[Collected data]
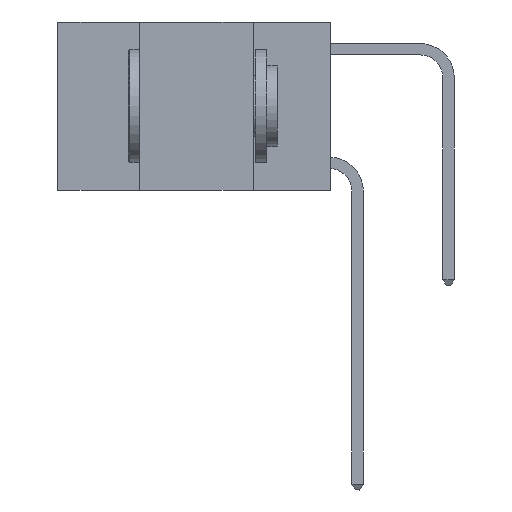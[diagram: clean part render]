
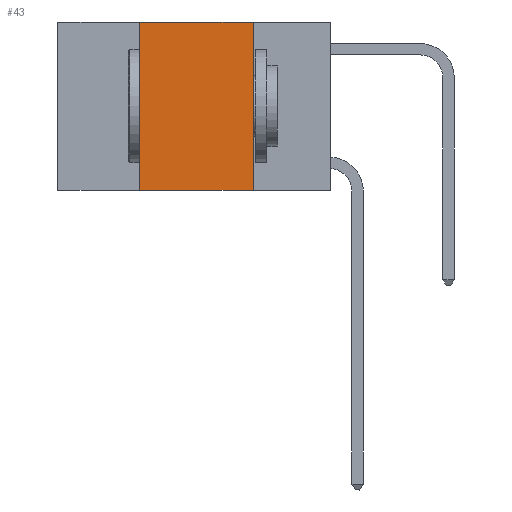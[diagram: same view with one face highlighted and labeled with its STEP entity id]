
A CAD part, left-side view. The second image highlights one B-rep face of the part: STEP entity #43.
In plain terms, the highlighted planar face has unit normal (-1, 0, 0).
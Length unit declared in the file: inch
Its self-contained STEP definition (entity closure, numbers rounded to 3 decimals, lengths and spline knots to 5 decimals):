
#43 = ADVANCED_FACE ( 'NONE', ( #4446 ), #8333, .F. ) ;
#1000 = VERTEX_POINT ( 'NONE', #6518 ) ;
#1358 = DIRECTION ( 'NONE',  ( 0., -1., 0. ) ) ;
#1921 = ORIENTED_EDGE ( 'NONE', *, *, #15156, .T. ) ;
#2125 = ORIENTED_EDGE ( 'NONE', *, *, #16026, .F. ) ;
#2909 = VERTEX_POINT ( 'NONE', #8170 ) ;
#3192 = LINE ( 'NONE', #5593, #9784 ) ;
#3974 = CARTESIAN_POINT ( 'NONE',  ( 0., 0.42, 0. ) ) ;
#4446 = FACE_OUTER_BOUND ( 'NONE', #7540, .T. ) ;
#5367 = DIRECTION ( 'NONE',  ( 0., 0., -1. ) ) ;
#5386 = CARTESIAN_POINT ( 'NONE',  ( 0., 0.6, 0. ) ) ;
#5593 = CARTESIAN_POINT ( 'NONE',  ( 0., 0.42, 0. ) ) ;
#5905 = VECTOR ( 'NONE', #11755, 39.37008 ) ;
#6518 = CARTESIAN_POINT ( 'NONE',  ( 0., 0.17, 0. ) ) ;
#6538 = CARTESIAN_POINT ( 'NONE',  ( 0., 0.6, -0.37 ) ) ;
#7540 = EDGE_LOOP ( 'NONE', ( #8008, #11094, #2125, #1921 ) ) ;
#8008 = ORIENTED_EDGE ( 'NONE', *, *, #16895, .F. ) ;
#8170 = CARTESIAN_POINT ( 'NONE',  ( 0., 0.42, -0.37 ) ) ;
#8333 = PLANE ( 'NONE',  #8670 ) ;
#8670 = AXIS2_PLACEMENT_3D ( 'NONE', #9305, #9781, #15808 ) ;
#9305 = CARTESIAN_POINT ( 'NONE',  ( 0., 0.6, 0. ) ) ;
#9408 = LINE ( 'NONE', #6538, #5905 ) ;
#9457 = DIRECTION ( 'NONE',  ( 0., 0., 1. ) ) ;
#9781 = DIRECTION ( 'NONE',  ( 1., 0., 0. ) ) ;
#9784 = VECTOR ( 'NONE', #9457, 39.37008 ) ;
#9981 = LINE ( 'NONE', #5386, #14688 ) ;
#10004 = VERTEX_POINT ( 'NONE', #3974 ) ;
#11094 = ORIENTED_EDGE ( 'NONE', *, *, #16241, .F. ) ;
#11755 = DIRECTION ( 'NONE',  ( 0., -1., 0. ) ) ;
#13234 = CARTESIAN_POINT ( 'NONE',  ( 0., 0.17, 0. ) ) ;
#13987 = LINE ( 'NONE', #13234, #14388 ) ;
#14388 = VECTOR ( 'NONE', #5367, 39.37008 ) ;
#14502 = VERTEX_POINT ( 'NONE', #15732 ) ;
#14688 = VECTOR ( 'NONE', #1358, 39.37008 ) ;
#15156 = EDGE_CURVE ( 'NONE', #2909, #14502, #9408, .T. ) ;
#15732 = CARTESIAN_POINT ( 'NONE',  ( 0., 0.17, -0.37 ) ) ;
#15808 = DIRECTION ( 'NONE',  ( 0., 0., -1. ) ) ;
#16026 = EDGE_CURVE ( 'NONE', #2909, #10004, #3192, .T. ) ;
#16241 = EDGE_CURVE ( 'NONE', #10004, #1000, #9981, .T. ) ;
#16895 = EDGE_CURVE ( 'NONE', #1000, #14502, #13987, .T. ) ;
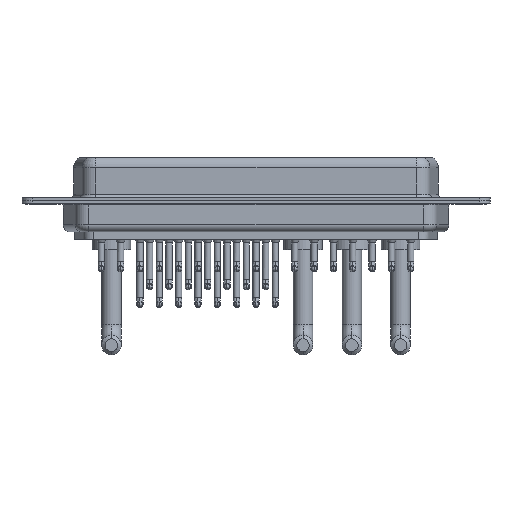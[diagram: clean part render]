
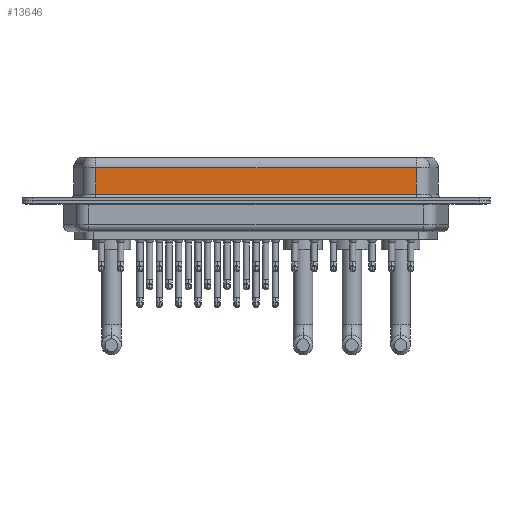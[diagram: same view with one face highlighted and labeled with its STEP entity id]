
A CAD part, front view. The second image highlights one B-rep face of the part: STEP entity #13646.
In plain terms, the highlighted planar face has unit normal (0, -1, 0).
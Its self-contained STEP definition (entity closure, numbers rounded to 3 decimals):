
#454 = DIRECTION ( 'NONE',  ( 0., 1., 0. ) ) ;
#553 = VERTEX_POINT ( 'NONE', #18793 ) ;
#1190 = EDGE_LOOP ( 'NONE', ( #25179, #1904, #12908, #26321 ) ) ;
#1904 = ORIENTED_EDGE ( 'NONE', *, *, #12530, .T. ) ;
#2529 = LINE ( 'NONE', #15674, #12992 ) ;
#4955 = AXIS2_PLACEMENT_3D ( 'NONE', #11077, #454, #10942 ) ;
#5294 = CARTESIAN_POINT ( 'NONE',  ( 7.59, -5.375, 4.65 ) ) ;
#6119 = DIRECTION ( 'NONE',  ( 1., 0., 0. ) ) ;
#9206 = EDGE_CURVE ( 'NONE', #19975, #18744, #26109, .T. ) ;
#9274 = DIRECTION ( 'NONE',  ( 0., 0., -1. ) ) ;
#9394 = CARTESIAN_POINT ( 'NONE',  ( 7.59, -5.375, 6.4 ) ) ;
#10595 = VECTOR ( 'NONE', #9274, 1000. ) ;
#10758 = VECTOR ( 'NONE', #6119, 1000. ) ;
#10942 = DIRECTION ( 'NONE',  ( 0., 0., 1. ) ) ;
#11077 = CARTESIAN_POINT ( 'NONE',  ( 53.41, -5.375, 6.4 ) ) ;
#12530 = EDGE_CURVE ( 'NONE', #19975, #26498, #2529, .T. ) ;
#12908 = ORIENTED_EDGE ( 'NONE', *, *, #13864, .T. ) ;
#12992 = VECTOR ( 'NONE', #25955, 1000. ) ;
#13646 = ADVANCED_FACE ( 'NONE', ( #21222 ), #25809, .F. ) ;
#13864 = EDGE_CURVE ( 'NONE', #26498, #553, #24016, .T. ) ;
#15674 = CARTESIAN_POINT ( 'NONE',  ( 53.41, -5.375, 4.65 ) ) ;
#15679 = DIRECTION ( 'NONE',  ( 0., 0., -1. ) ) ;
#17001 = VECTOR ( 'NONE', #15679, 1000. ) ;
#17585 = CARTESIAN_POINT ( 'NONE',  ( 53.41, -5.375, 0.9 ) ) ;
#18565 = CARTESIAN_POINT ( 'NONE',  ( 53.41, -5.375, 4.65 ) ) ;
#18744 = VERTEX_POINT ( 'NONE', #17585 ) ;
#18793 = CARTESIAN_POINT ( 'NONE',  ( 7.59, -5.375, 0.9 ) ) ;
#19975 = VERTEX_POINT ( 'NONE', #18565 ) ;
#21222 = FACE_OUTER_BOUND ( 'NONE', #1190, .T. ) ;
#21808 = CARTESIAN_POINT ( 'NONE',  ( 53.41, -5.375, 6.4 ) ) ;
#24016 = LINE ( 'NONE', #9394, #17001 ) ;
#25070 = LINE ( 'NONE', #25195, #10758 ) ;
#25179 = ORIENTED_EDGE ( 'NONE', *, *, #9206, .F. ) ;
#25195 = CARTESIAN_POINT ( 'NONE',  ( 53.41, -5.375, 0.9 ) ) ;
#25809 = PLANE ( 'NONE',  #4955 ) ;
#25955 = DIRECTION ( 'NONE',  ( -1., 0., 0. ) ) ;
#26109 = LINE ( 'NONE', #21808, #10595 ) ;
#26321 = ORIENTED_EDGE ( 'NONE', *, *, #26688, .T. ) ;
#26498 = VERTEX_POINT ( 'NONE', #5294 ) ;
#26688 = EDGE_CURVE ( 'NONE', #553, #18744, #25070, .T. ) ;
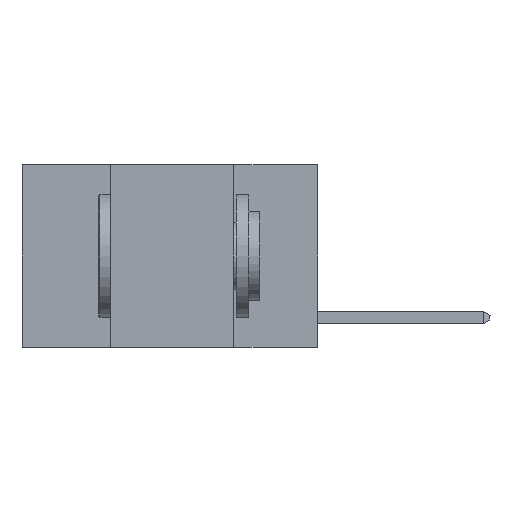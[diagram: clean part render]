
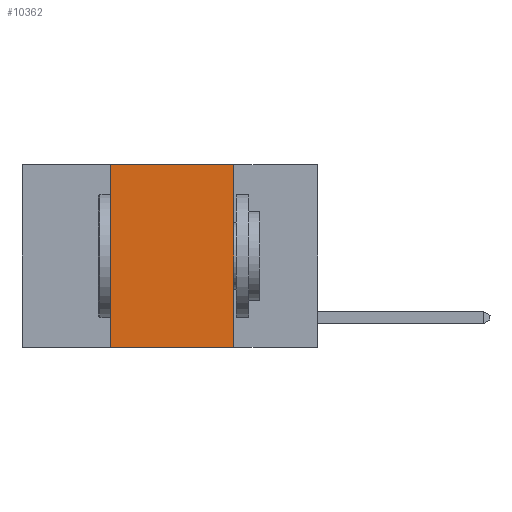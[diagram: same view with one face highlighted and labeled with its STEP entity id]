
A CAD part, left-side view. The second image highlights one B-rep face of the part: STEP entity #10362.
In plain terms, the highlighted planar face has unit normal (-1, 0, 0).
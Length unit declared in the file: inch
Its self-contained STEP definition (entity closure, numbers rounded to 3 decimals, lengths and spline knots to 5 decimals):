
#829 = PLANE ( 'NONE',  #18337 ) ;
#1384 = LINE ( 'NONE', #25414, #11092 ) ;
#1605 = EDGE_CURVE ( 'NONE', #10866, #19314, #18660, .T. ) ;
#1845 = VECTOR ( 'NONE', #20459, 39.37008 ) ;
#2795 = LINE ( 'NONE', #16233, #17954 ) ;
#4560 = ORIENTED_EDGE ( 'NONE', *, *, #1605, .F. ) ;
#4592 = CARTESIAN_POINT ( 'NONE',  ( 0., 0.42, 0. ) ) ;
#4861 = VERTEX_POINT ( 'NONE', #4592 ) ;
#5566 = CARTESIAN_POINT ( 'NONE',  ( 0., 0.17, 0. ) ) ;
#7538 = CARTESIAN_POINT ( 'NONE',  ( 0., 0.17, 0. ) ) ;
#8605 = VERTEX_POINT ( 'NONE', #15603 ) ;
#9546 = CARTESIAN_POINT ( 'NONE',  ( 0., 0.6, 0. ) ) ;
#10362 = ADVANCED_FACE ( 'NONE', ( #13931 ), #829, .F. ) ;
#10866 = VERTEX_POINT ( 'NONE', #5566 ) ;
#11092 = VECTOR ( 'NONE', #23216, 39.37008 ) ;
#11320 = VECTOR ( 'NONE', #27675, 39.37008 ) ;
#11561 = LINE ( 'NONE', #20167, #1845 ) ;
#13675 = ORIENTED_EDGE ( 'NONE', *, *, #25593, .F. ) ;
#13931 = FACE_OUTER_BOUND ( 'NONE', #14030, .T. ) ;
#14030 = EDGE_LOOP ( 'NONE', ( #4560, #13675, #15047, #21372 ) ) ;
#15047 = ORIENTED_EDGE ( 'NONE', *, *, #20023, .F. ) ;
#15603 = CARTESIAN_POINT ( 'NONE',  ( 0., 0.42, -0.37 ) ) ;
#16233 = CARTESIAN_POINT ( 'NONE',  ( 0., 0.42, 0. ) ) ;
#17954 = VECTOR ( 'NONE', #18558, 39.37008 ) ;
#18337 = AXIS2_PLACEMENT_3D ( 'NONE', #9546, #18466, #27035 ) ;
#18466 = DIRECTION ( 'NONE',  ( 1., 0., 0. ) ) ;
#18558 = DIRECTION ( 'NONE',  ( 0., 0., 1. ) ) ;
#18660 = LINE ( 'NONE', #7538, #11320 ) ;
#19314 = VERTEX_POINT ( 'NONE', #21304 ) ;
#20023 = EDGE_CURVE ( 'NONE', #8605, #4861, #2795, .T. ) ;
#20167 = CARTESIAN_POINT ( 'NONE',  ( 0., 0.6, 0. ) ) ;
#20459 = DIRECTION ( 'NONE',  ( 0., -1., 0. ) ) ;
#21304 = CARTESIAN_POINT ( 'NONE',  ( 0., 0.17, -0.37 ) ) ;
#21372 = ORIENTED_EDGE ( 'NONE', *, *, #23174, .T. ) ;
#23174 = EDGE_CURVE ( 'NONE', #8605, #19314, #1384, .T. ) ;
#23216 = DIRECTION ( 'NONE',  ( 0., -1., 0. ) ) ;
#25414 = CARTESIAN_POINT ( 'NONE',  ( 0., 0.6, -0.37 ) ) ;
#25593 = EDGE_CURVE ( 'NONE', #4861, #10866, #11561, .T. ) ;
#27035 = DIRECTION ( 'NONE',  ( 0., 0., -1. ) ) ;
#27675 = DIRECTION ( 'NONE',  ( 0., 0., -1. ) ) ;

> _Work instructions_
What you give back must be exactly the lines from the opening line of the entries through the line holding "#5593 = CARTESIAN_POINT", with no pictures.

> _Response to the task_
[diagram: clean part render]
[diagram: same view with one face highlighted and labeled with its STEP entity id]
A CAD part, left-side view. The second image highlights one B-rep face of the part: STEP entity #43.
In plain terms, the highlighted planar face has unit normal (-1, 0, 0).
Length unit declared in the file: inch
Its self-contained STEP definition (entity closure, numbers rounded to 3 decimals, lengths and spline knots to 5 decimals):
#43 = ADVANCED_FACE ( 'NONE', ( #4446 ), #8333, .F. ) ;
#1000 = VERTEX_POINT ( 'NONE', #6518 ) ;
#1358 = DIRECTION ( 'NONE',  ( 0., -1., 0. ) ) ;
#1921 = ORIENTED_EDGE ( 'NONE', *, *, #15156, .T. ) ;
#2125 = ORIENTED_EDGE ( 'NONE', *, *, #16026, .F. ) ;
#2909 = VERTEX_POINT ( 'NONE', #8170 ) ;
#3192 = LINE ( 'NONE', #5593, #9784 ) ;
#3974 = CARTESIAN_POINT ( 'NONE',  ( 0., 0.42, 0. ) ) ;
#4446 = FACE_OUTER_BOUND ( 'NONE', #7540, .T. ) ;
#5367 = DIRECTION ( 'NONE',  ( 0., 0., -1. ) ) ;
#5386 = CARTESIAN_POINT ( 'NONE',  ( 0., 0.6, 0. ) ) ;
#5593 = CARTESIAN_POINT ( 'NONE',  ( 0., 0.42, 0. ) ) ;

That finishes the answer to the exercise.